This report from The Brookings Institution’s Artificial Intelligence and Emerging Technology (AIET) Initiative is part of “AI and Bias,” a series that explores ways to mitigate possible biases and create a pathway toward greater fairness in AI and emerging technologies.
When it comes to gender stereotypes in occupational roles, artificial intelligence (AI) has the potential to either mitigate historical bias or heighten it. In the case of the Word2vec model, AI appears to do both.
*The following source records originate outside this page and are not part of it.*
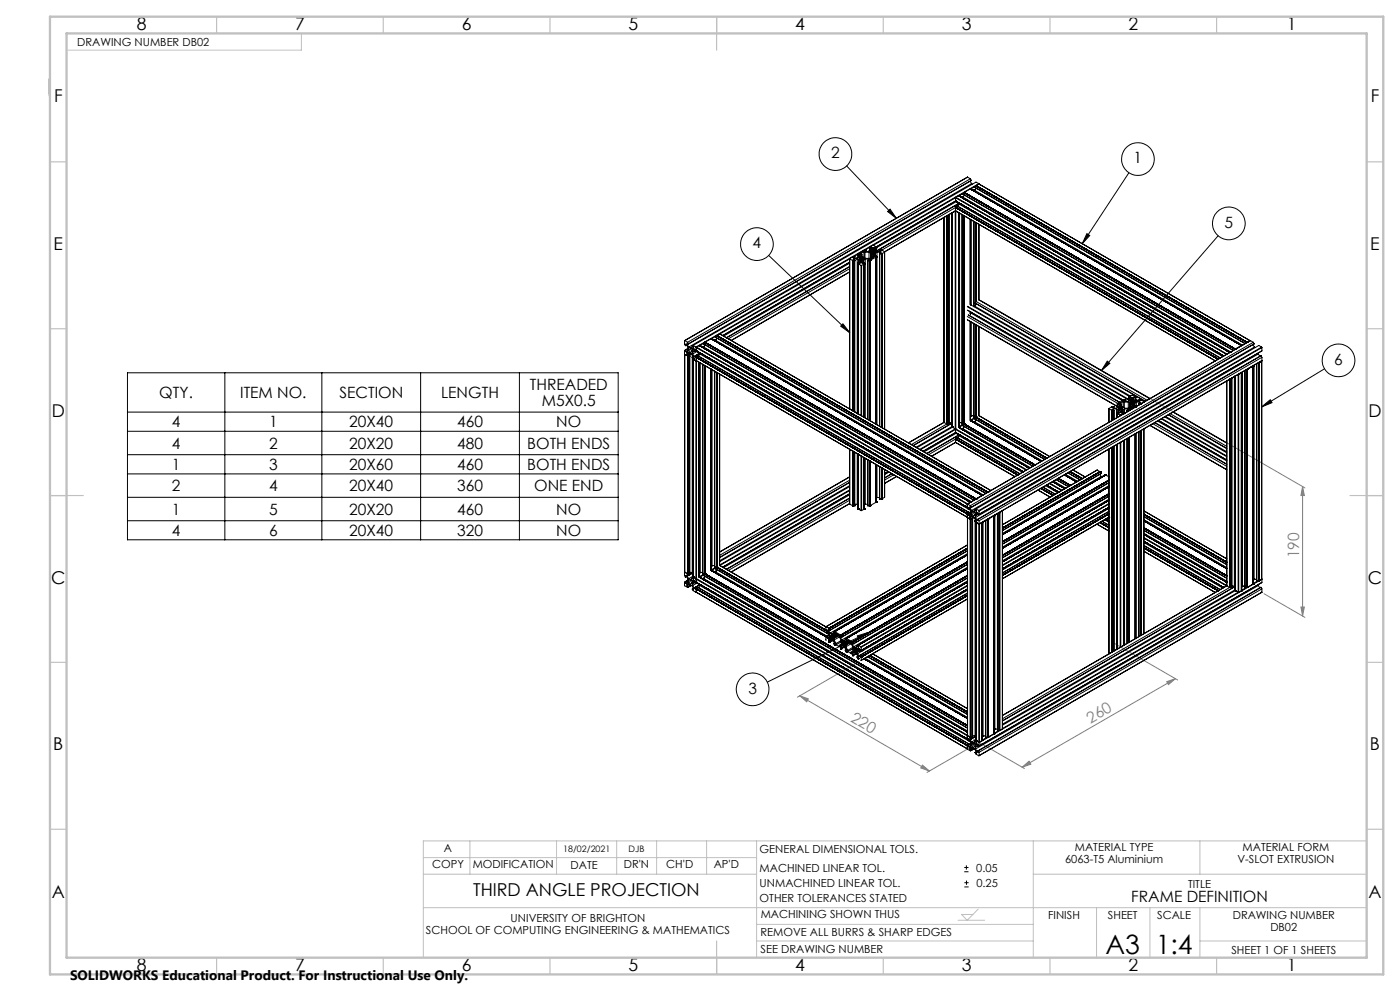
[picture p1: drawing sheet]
<svg xmlns="http://www.w3.org/2000/svg" width="420mm" height="297mm" viewBox="0 0 420 297" stroke-linecap="round" stroke-linejoin="round" font-family="sans-serif">
<g fill="none" stroke="#000" stroke-width=".3">
<path d="M254 49.7l14.9 15.7M338.7 51.8l-14 21.3M230.6 76.5l24.3 23.2M266.3 63.4l.7-.7 1.9 2.7zM326.1 70l.8 .6-2.2 2.5zM365.4 70.7l-35 40.4M252.9 97l2 2.7-2.7-1.9zM38.2 111.7h147.3v50.1h-147.3zM67.5 111.7v50.1M96.6 111.7v50.1M126.2 111.7v50.1M155.8 111.7v50.1"/>
<path d="M332.2 108.2l.8 .7-2.6 2.2zM397.4 110.5l-18.9 11.5M38.2 123.5h147.3M38.2 129.3h147.3M38.2 136.3h147.3M378.5 122l2.6-2.2 .5 .9zM38.2 142h147.3M38.2 149h147.3M38.2 156.1h147.3M257.2 190.6l3.2-1-2.8 1.9zM260.4 189.6l-30.2 14.8M289.3 260h1.2"/>
<path d="M289.9 259.4v1.2M289.3 261.3h1.2M289.3 265.8h1.3M289.3 264.5h1.3M289.9 263.9v1.3"/>
<circle cx="250.6" cy="46.2" r="4.9"/>
<circle cx="341.4" cy="47.7" r="4.9"/>
<circle cx="227.1" cy="73.2" r="4.9"/>
<circle cx="368.6" cy="66.9" r="4.9"/>
<circle cx="401.6" cy="108" r="4.9"/>
<circle cx="225.8" cy="206.6" r="4.9"/>
</g>
<g fill="none" stroke="#808080" stroke-width=".3">
<path d="M294.4 90.2l97.1 56M390.8 145.8l.5 2.7h-1zM390.8 145.8v38.8M379.2 177.9l12.3 7.1M257.7 198.3l-18.5 10.6M334.3 192.8l19 11M390.3 181.9h1l-.5 2.7zM239.9 208.5l2.6 .9-.5 .9zM239.9 208.5l38.9 22.6M350 204.3l2.6-.9-2.1 1.8zM352.6 203.4l-46 26.5M276.7 229.3l2.1 1.8-2.6-1z"/>
<path d="M291.8 221.4l15.5 8.9M295.7 221.4l-17.6 10.1M306.6 229.9l2.1-1.8 .5 .9z"/>
</g>
<g fill="none" stroke="#c0c0c0" stroke-width=".3">
<path d="M90.4 10v5h-70M14.7 23.7v5M127 257h100M141 252v10M167 252v10M185 252v10M197 252v10M212 252v10M227 252v35M310 252v35M360 252v10M410 252h-283v35h283"/>
<path d="M127 272h283M127 262h100M227 277h83M287.4 275.8h8M293.5 272.4l-3.3 3.4-1.7-1.7h3.4M310 262h100M329 272v15M345 272v15M360 272v15M227 282h83M360 282h50"/>
</g>
<g fill="none" stroke="#c0c0c0" stroke-width=".35">
<path d="M65 5v5M115 5v5M165 5v5M215 5v10M265 5v5M315 5v5M365 5v5M15 48.5h5M410 48.5h5M15 98.5h5M410 98.5h5M15 148.5h10"/>
<path d="M405 148.5h10M15 198.5h5M410 198.5h5M15 248.5h5M410 248.5h5M65 287v5M115 287v5M165 287v5M215 282v10M265 287v5M315 287v5M365 287v5"/>
</g>
<path d="M15 5h400v287h-400zM20 10h390v277h-390z" fill="none" stroke="#c0c0c0" stroke-width=".7"/>
<path d="M266.3 63.4l.7-.7 1.9 2.7zM326.1 70l.8 .6-2.2 2.5zM257.2 190.6l3.2-1-2.8 1.9zM252.9 97l2 2.7-2.7-1.9zM332.2 108.2l.8 .7-2.6 2.2zM378.5 122l2.6-2.2 .5 .9z" fill="#000"/>
<g fill="#808080">
<path d="M350 204.3l2.6-.9-2.1 1.8zM306.6 229.9l2.1-1.8 .5 .9z"/>
<path d="M390.3 181.9h1l-.5 2.7zM390.8 145.8l.5 2.7h-1z"/>
<path d="M239.9 208.5l2.6 .9-.5 .9zM276.7 229.3l2.1 1.8-2.6-1z"/>
</g>
<g fill="none" stroke="#000" stroke-width=".3">
<path d="M286.7 59.3l81.4 46.8M286.7 59.3v1M286.7 59.3l-24.7 14.2M286.7 59.1v.2M286.7 59.1l81.4 47M287.5 58.7l-.8 .4M287.5 58.7l81.5 46.9M287.6 58.6h.1M288.9 58.2h.1M288.9 58.2l81.1 46.8M288.9 59.1l80.3 46.4M288.9 59.1l-.2 .2"/>
<path d="M289.1 58.9l-.6 .3M289.1 57.9l-1.4 .8M289.2 57.7h.1M289.2 57.7l-.3 .5M289.2 57.7l81.3 47M289.2 57.7l81.4 46.9M289.3 57.7h-.1M289.3 58.5l-.4 .6M290.2 53.1h.1M290.2 53.1l-84.8 49M290.3 53.1l.8 .5M290.3 53.1l-84.9 49"/>
<path d="M291 54.3l.5 .7M291.1 56.6h.1M291.1 53.6l.3 .4M291.1 53.6l-84.8 49M291.1 56.6l-1.8 1M291.1 56.6l81.4 46.9M291.4 54l-84.8 49.1M291.4 54l-84.8 49M291.5 55l-84.9 49M291.5 55l.2 .2M292.5 57.1l80.2 46.3M292.5 57.1l-.3 .1"/>
<path d="M292.5 56.2h.1M292.5 56.2l81.1 46.8M292.6 56.8l-.5 .3M292.7 55.8l-1.4 .8M292.7 55.7h.1M292.7 55.7l-.2 .5M292.7 55.7l81.4 46.9M292.8 55.7h.1M292.8 55.7l81.3 46.9M292.8 55.6l-.1 .1M292.8 55.6h.1M292.8 55.6l81.4 46.9"/>
<path d="M292.8 56.4l-.3 .7M293.7 55v.1M293.7 55.1l81.3 47M293.7 55l-84.9 49M293.7 55l-.9-.4-84.9 48.9M293.7 55.1l-.9 .5M254.9 77.5v45.1M254.9 78.6l-38.1 22M254.9 79.9l-36.9 21.3M254.9 79.9l-37 21.3M254.9 78.9l-37.8 21.8M254.9 77.6l-38.9 22.5"/>
<path d="M254.9 77.6l.9 .5M254.9 77.6v45M255.8 78.1h.1M255.8 77l-.9 .6M255.8 77h.1M255.8 78.1v44.9M255.8 77h.6M255.8 78.1h.6M255.8 78.1v45M255.9 78.1v45M256.3 77.6h.9M256.3 77.6l-.4 .2 .5 .3"/>
<path d="M256.3 77.6v.4M256.4 78.1h.1M256.4 77h.1M256.4 77v.4M256.4 78.1v45.3M257.2 77.6l.4 .3M257.2 77.6v46.3M257.4 79h.1M257.4 76.4h.1M257.4 76.1h.1M257.4 76.1v1.2M257.4 79.1h.1"/>
<path d="M257.4 77.1l-.5 .3M257.4 76.2l-1.4 .8M257.5 79.1h.1M257.5 76.1h.1M257.5 79.1v44.9M257.5 79.1l.8 .4M257.6 77.9h.1M257.6 77.9v.9M257.7 78l.5 .2v.6l-.3 .1-.5-.2v45.3M257.7 77.9v.9M257.9 76.2l.3 .1v.6l-.5 .3a1.61 1.61 0 0 1-1.8 .1l.5-.3M257.9 76.2l-.5 .2"/>
<path d="M257.9 77.6v.1M257.9 76.2v.8M257.9 77.5v.1M257.9 77.4v.2M257.9 77.7l.2 .1M257.9 77.4v.3M258 77.3l-.1 .1M258 77.3v.4M258.1 77.3h-.1M258.1 77.8l.1 .1M258.1 77.3v.5M258.2 77.3v.6"/>
<path d="M258.2 77.9h.3M258.2 77.3h.3M258.2 77.3h-.1M258.3 79.5h.2M258.3 79.5v45M258.4 77.3v.6M258.5 79.5v45.1M258.5 77.3v.6M258.5 77.3h.1M258.6 77.8l-.1 .1M258.6 77.3h.2M258.6 77.3v.5"/>
<path d="M258.8 77.3v.1M258.8 77.3v.4M258.8 77.7l-.2 .1M258.8 77.4l.1 .2M258.8 77.4v.3M258.9 77.6l-.1 .1M258.9 77.5v.1M259 77.9h.1M259 77.9v.9M259 78l-.4 .2v.6l.3 .1 .4-.2v46.4M259.1 77.9v.9M259.2 75.4l-1 .5 .4 .3v.7l.4 .3 2.1 .4 1-.5-.4-.2"/>
<path d="M259.2 75.4l.3 .2M259.2 75.4v1.8M259.3 79.1h.1M259.3 75h.1M259.3 75h.7M259.3 79.1l-.8 .4M259.3 75l-1.8 1M259.3 79.1v46M259.3 79h.1M259.4 75h.1M259.5 75.6h1.2M259.5 75.6v1.8"/>
<path d="M259.6 77.6h.9M259.6 77.6l-.5 .3M259.6 77.6v47.6M260 75v.4M260.4 78.1h.1M260.4 78.1v47.6M260.5 77.6l.3 .2-.4 .3M260.5 77.6v.4M260.7 75.6l.5 .3M260.7 75.6v1.8M260.9 78.1v47.9M260.9 78.1h.1"/>
<path d="M260.9 74h.1M260.9 74.4h.1M260.9 74v1.3M260.9 75.1l-.5 .3M260.9 74.1l-1.4 .9M261 78.1h.1M261 74h.1M261 74.4v.8M261 78.1v48M261 78.1h-.6M261.2 75.9h.1M261.2 75.9v1.7"/>
<path d="M261.3 75.9v1.7M261.3 75.9l.4 .3v1.1M261.4 75.6v.1M261.4 75.4v.2M261.4 74.1l.3 .2v.5l-.4 .3a1.75 1.75 0 0 1-1.8 .1l.5-.2M261.4 74.1l-.4 .3M261.4 75.3v.3M261.4 75.7h.1M261.4 74.1v.9M261.4 75.3v.4M261.5 75.3h-.1M261.5 75.7l.2 .1"/>
<path d="M261.5 75.3v.4M261.7 75.8h.1M261.7 75.2v.6M261.8 75.2v.6M261.8 75.8h.2M261.8 75.2h.2M261.8 75.2l-.3 .1M261.9 75.2v.6M262 73.5l-1 .5M262 73.5l.8 .5M262 75.2h.2M262 75.2v.6"/>
<path d="M262.2 75.8h-.2M262.2 75.2l.1 .1M262.2 75.2v.6M262.3 75.7l-.1 .1M262.3 75.3l.1 .4M262.3 75.3v.4M262.4 75.7h-.1M262.4 75.3v.4M262.4 74.1l.5 .3M262.4 74.1l-.3 .2v.5l.5 .3a1.69 1.69 0 0 0 1.7 .1l-.4-.2M262.4 74.1v.9M262.6 75.9l-.5 .3v.5l.3 .2 .5-.3v50.5"/>
<path d="M262.6 75.9v.9M262.6 75.9h.1M262.8 74h.1M262.8 77h.1M262.8 77v50.1M262.8 77l-1.8 1.1M262.9 74h.1M262.9 74.4h.1M262.9 77h.1M262.9 74v1.3M263.1 75.6h1M263.1 75.6l-.5 .3"/>
<path d="M263.1 75.6v51.7M263.9 75h.1M263.9 76.1h.1M263.9 75h.6M263.9 75l-.1 .4M263.9 76.1v51.6M264.1 75.6l.2 .2-.4 .3M264.1 75.6v.3M264.4 75h.1M264.4 76.1l.1 52M264.5 76.1h.1M264.5 75h.1"/>
<path d="M264.5 76v52.1M264.5 75l.9 .5M264.5 76l-.6 .1M265.4 75.5v.1M265.4 75.6l-.9 .4M265.4 75.6v53M265.4 75.5v53.1M283.2 65.2v61.4M284 64.7v62.4M284.1 64.7v62.4M284.7 64.3v62.8h-.6M285.5 63.9v62.7"/>
<path d="M285.7 63.7v64.4M286.6 63.2v65.3M286.6 63.2l.1 65.3M286.7 60.3h.1M286.7 62.1h.1M286.7 62.2h.1M286.7 63.1v.1M286.7 63.1l-21.3 12.4M286.7 63.1l77.9 45.1-77.9-45M286.7 60.3l-23.8 13.7M286.7 62.2l-22.2 12.8M286.7 62.1v1"/>
<path d="M286.7 60.2l80.4 46.5M286.7 62.1l78.8 45.5M286.7 62.2l78.8 45.4M286.7 60.3l.2 .2M286.9 60.4l-24 13.9M286.9 61.6l-.2 .5M286.9 61.6l79.2 45.7M286.9 61.6h.1M287.4 61.8h-.1M287.6 63.7v64.4M287.6 63.7v64.3M287.7 61l-24.8 14.3"/>
<path d="M287.7 61.2v-.3l-24.8 14.3M287.7 61.2l-.4 .6M287.7 61.2l79.2 45.7M287.9 63.9v62.7M288.6 64.3v62.8M289.2 64.7v62.4M291.1 65.8v25.5M291.4 65.9v25.5M292.2 66.4v25.5M292.7 66.7v23.8M292.8 66.7v23.7M293.7 67.2v22.6"/>
<path d="M254.9 81.5l-35.5 20.5M254.9 80.5l-36.4 21M290.2 95.8l45 26M290.2 92.9l46.8 27M290.2 94.9l45.1 26M290.2 91.9l48.5 28.1M290.2 95.9l45 25.9M290.3 91.8l48.4 28M290.4 94.4l45.4 26.2M290.5 94.4l45.4 26.1M291.1 91.3l47.7 27.5M291.1 93.4v.8l.2-.4"/>
<path d="M291.1 96.4v29.6M291.3 93.8l45.4 26.3M291.3 93.6v.2M291.4 96.6v28M292.2 97v28.1M292.5 91.8l46.6 26.9M292.5 91.8l-.3 .1M292.5 90.8l.3-.5 51.3 29.6M292.5 90.8l51.1 29.5M292.5 90.8l51 29.5M292.5 90.8h.1M292.7 97.3v27.8"/>
<path d="M292.7 90.9v.5M292.8 91v.3M292.8 97.3v27.8M292.8 91.2l-.3 .6M293.7 89.8l51.3 29.6M293.7 97.9v26.7M293.7 97.9v26.6M205.4 106.1v65.3M205.4 102.1v1l.3 .5M205.4 102.1l.9 .5M205.4 106.2l.9 .5M205.4 106.2v65.3"/>
<path d="M205.6 104.9l-.2 .2v1.1M205.6 104.9h.1M205.7 103.6v-.5l.7 1v1.2l-.4 .2-.3-.1M205.7 104.9v.5M206 103.4l-.3 .2M206.1 103.2l.5 .8M206.1 106.2l.5 .2M206.3 106.7h.1M206.3 102.6l.3 .4M206.3 106.7h.6M206.3 106.6v65.4M206.3 106.7v65.3"/>
<path d="M206.4 106.7v65.3M206.4 104.7h.1M206.4 103l-.3 .2M206.4 104.9l-.7 .5M206.4 104.5l-.7 .4M206.4 104.4l-.8 .5M206.6 103v.1M206.6 106.4v.1M206.6 103.1l-.5-.2v.3M206.6 106.5l-.3 .2M206.6 106.5l.8-.5-1.1 .7M206.6 106.5l.3 .2"/>
<path d="M206.6 104l.5 .3M206.7 106.4v.2M206.8 104.6a.56 .56 0 0 1 .6 .4 .56 .56 0 0 1-.1 .6l-.5-.3zM206.9 106.7h.1M206.9 105.8l-.8 .4M206.9 106.7v65.3h-.6M207 106.2h.6M207.1 104.3h.1M207.1 105.9l-.5-.3-.5 .3v.3M207.1 105.9h.1M207.2 105.9l.4 .3 .5 1.1-.4-.2 .3-.2M207.2 104.3h-.1"/>
<path d="M207.3 106l-.7 .4M207.7 106.3v65.3M207.7 107.2l.2 .4M207.8 105.5h.1M207.8 105.5v.6M207.8 105.4v.1M207.8 106.1l.5 .8M207.8 103.9l-.7 .4M207.9 103.9l-.7 .4M207.9 107.6h.1M207.9 103.5l-.2 .2 .4 .3v.3l-.5 .3-.4-.3M207.9 103.5l.9 .5"/>
<path d="M207.9 107.6l.9 .5M207.9 107.6v65.3M208.6 106.6v.5l-.3-.2M208.6 106.6h.1M208.6 105l-.8 .4M208.6 105.1l-.8 .4M208.6 106.7l-.3 .2M208.6 106.6l.3 .5M208.8 104l.1 .2M208.8 108.1h.1M208.8 108.1v65.3M208.8 108.1l-.8-.5v65.4"/>
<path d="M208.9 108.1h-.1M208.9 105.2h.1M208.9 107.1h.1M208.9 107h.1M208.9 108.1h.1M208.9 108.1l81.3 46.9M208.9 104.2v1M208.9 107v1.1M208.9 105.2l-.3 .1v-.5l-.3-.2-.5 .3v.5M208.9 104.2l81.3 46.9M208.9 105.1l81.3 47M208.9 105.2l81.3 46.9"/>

Word2vec is a publicly available algorithmic model built on millions of words scraped from online Google News articles, which computer scientists commonly use to analyze word associations. In 2016, Microsoft and Boston University researchers revealed that the model picked up gender stereotypes existing in online news sources—and furthermore, that these biased word associations were overwhelmingly job related. Upon discovering this problem, the researchers neutralized the biased word correlations in their specific algorithm, writing that “in a small way debiased word embeddings can hopefully contribute to reducing gender bias in society.”
Their study draws attention to a broader issue with artificial intelligence: Because algorithms often emulate the training datasets that they are built upon, biased input datasets could generate flawed outputs. Because many contemporary employers utilize predictive algorithms to scan resumes, direct targeted advertising, or even conduct face- or voice-recognition-based interviews, it is crucial to consider whether popular hiring tools might be susceptible to the same cultural biases that the researchers discovered in Word2vec.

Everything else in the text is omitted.